Yields on longer-dated Treasury securities, sensitive to the Fed’s balance sheet policy, rose as Powell signaled a decision would soon be made on when to begin trimming the portfolio by more than $8 trillion. US government bonds and central bank mortgage-backed securities (MBS). The dollar jumped 0.5% to its highest level in a month against a basket of currencies from key trading partners.

Federal Reserve Chairman Jerome Powell delivers remarks on a screen as a trader works on the floor of the New York Stock Exchange (NYSE) in Manhattan, New York, U.S., December 15, 2021. REUTERS /Andrew Kelly/File Photo

Powell was “trying to balance the fear factor, but at the same time he was talking about inflation possibly getting worse, he was talking about the Fed might have to use more tools, he was talking about shrinking the balance sheet,” he said. said Peter Cardillo, chief market economist. with Spartan Capital Securities in New York. “Ultimately, his response makes the market fearful of uncertainty.”

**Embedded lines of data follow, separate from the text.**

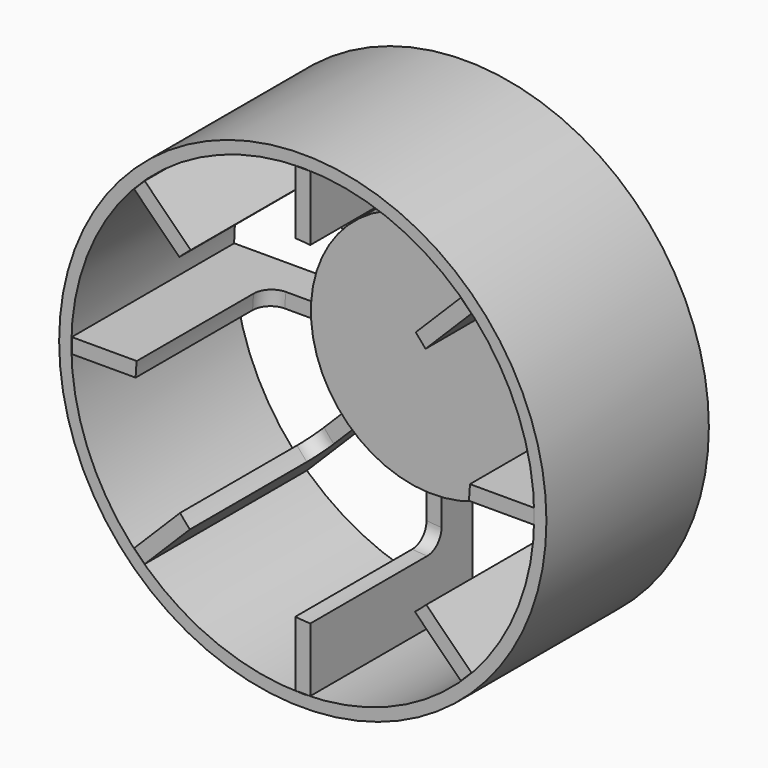
from build123d import *

# Parameters (mm, degrees)
F0_R      = 30
F1_DEPTH  = 25
F2_R      = 28.5
F3_DEPTH  = 43.4
F4_R      = 15
F5_DEPTH  = 5
F6_W      = 1.8436461687
F6_H      = 13.4322764352
F7_DEPTH  = 25
F8_R      = 24.1088040978
F9_DEPTH  = 20.2
F11_R     = 2.1969343418
F12_COUNT = 8


# Not quite as in the source:
# - a feature of the source that left no trace in its solid (it failed there, or was rolled back) is left out


with BuildPart() as f1:
    # F0 (on Front) → F1 (new body)
    with BuildSketch(Plane.XZ):
        Circle(F0_R)
    extrude(amount=F1_DEPTH)

    # F2 (on Front) → F3 (cut)
    with BuildSketch(Plane.XZ):
        Circle(F2_R)
    extrude(amount=F3_DEPTH, mode=Mode.SUBTRACT)


with BuildPart() as f5:
    # F4 (on Front) → F5 (new body)
    with BuildSketch(Plane.XZ):
        Circle(F4_R)
    extrude(amount=F5_DEPTH)


with BuildPart() as f7:
    # F6 (on Front) → F7 (new body)
    with BuildSketch(Plane.XZ):
        with Locations((1.164e-07, 21.7286809348)):
            Rectangle(F6_W, F6_H)
    extrude(amount=F7_DEPTH)

    # F8 (on face) → F9 (cut)
    with BuildSketch(Plane.XZ.offset(25)):
        with Locations((-1.7935009673, -3.5128288437)):
            Circle(F8_R)
    extrude(amount=-F9_DEPTH, mode=Mode.SUBTRACT)

    # F11
    f11_edges = [f7.edges().sort_by_distance(p)[0] for p in [
        (0.00132, -4.8, 20.529073),
    ]]
    fillet(f11_edges, radius=F11_R)


with BuildPart() as f12_1:
    # F12: instance of F7
    add(f7.part.rotate(Axis((0, 0, 0), (0, 1, 0)), 1 * 360 / F12_COUNT))


with BuildPart() as f12_2:
    # F12: instance of F7
    add(f7.part.rotate(Axis((0, 0, 0), (0, 1, 0)), 2 * 360 / F12_COUNT))


with BuildPart() as f12_3:
    # F12: instance of F7
    add(f7.part.rotate(Axis((0, 0, 0), (0, 1, 0)), 3 * 360 / F12_COUNT))


with BuildPart() as f12_4:
    # F12: instance of F7
    add(f7.part.rotate(Axis((0, 0, 0), (0, 1, 0)), 4 * 360 / F12_COUNT))


with BuildPart() as f12_5:
    # F12: instance of F7
    add(f7.part.rotate(Axis((0, 0, 0), (0, 1, 0)), 5 * 360 / F12_COUNT))


with BuildPart() as f12_6:
    # F12: instance of F7
    add(f7.part.rotate(Axis((0, 0, 0), (0, 1, 0)), 6 * 360 / F12_COUNT))


with BuildPart() as f12_7:
    # F12: instance of F7
    add(f7.part.rotate(Axis((0, 0, 0), (0, 1, 0)), 7 * 360 / F12_COUNT))


solid = Compound([f1.part, f5.part, f7.part, f12_1.part, f12_2.part, f12_3.part, f12_4.part, f12_5.part, f12_6.part, f12_7.part])

The breadth of Fed policy away from tackling the economic fallout from the pandemic and toward tackling inflation will take more shape in the weeks ahead.

That will depend on how inflation itself behaves, and Powell said officials still hoped much of the improvement would come as aftershocks from the pandemic wane, perhaps allowing them to do less work thanks to a tighter monetary policy.

A myriad of risks remain, ranging from an ongoing pandemic to a potential Russian-Ukrainian military conflict.

But Powell said policymakers believe at this point they have “some leeway to raise interest rates” without threatening jobs progress or slowing the economic recovery they want to keep underway. .

In a refrain that has become commonplace, he noted that “the economy is quite different” from when the Fed last started raising interest rates in 2015, with higher inflation, lower unemployment and what Powell sees it as enough momentum to make headway without the Fed. to help.

In this shift to tighter policy, the Fed moved at an initially glacial pace, with a rate hike of a quarter of a percentage point in 2015 and only another in 2016.

Investors are expecting a lot more this time around, with federal funds futures pricing predicting four rate increases this year. The Fed’s benchmark overnight interest rate is currently set near zero.

FOMC members also agreed at this week’s meeting on a set of principles to “significantly reduce” the size of the Fed’s holdings. Officials said they would reduce holdings “primarily” by limiting the share of maturing bond principal that the Fed would reinvest each month. That plan would begin after interest rates take off, the central bank said, without yet setting a definitive date, pace or size.

Over time, the Fed’s balance sheet would not only be reduced, but shifted from MBS and weighted to US Treasuries, “thereby minimizing the effect of Federal Reserve holdings on the allocation of credit between sectors of the economy,” the central bank said.

The Fed statement, moving forward with a monetary policy tightening plan, cited “solid” recent job gains that have continued even as the outbreak of the Omicron variant of the coronavirus has pushed the number of daily cases to record highs. While the Fed has stopped trying to gauge when inflation might subside, the statement says officials continue to expect improvements in global supply chains to slow the pace of price increases. .

“Supply and demand imbalances related to the pandemic and the reopening of the economy have continued to contribute to high levels of inflation,” the Fed said, with consumer prices rising at a rate annual rate of 7%, the highest level since the 1980s.

Policymakers did not release new economic and interest rate projections on Wednesday.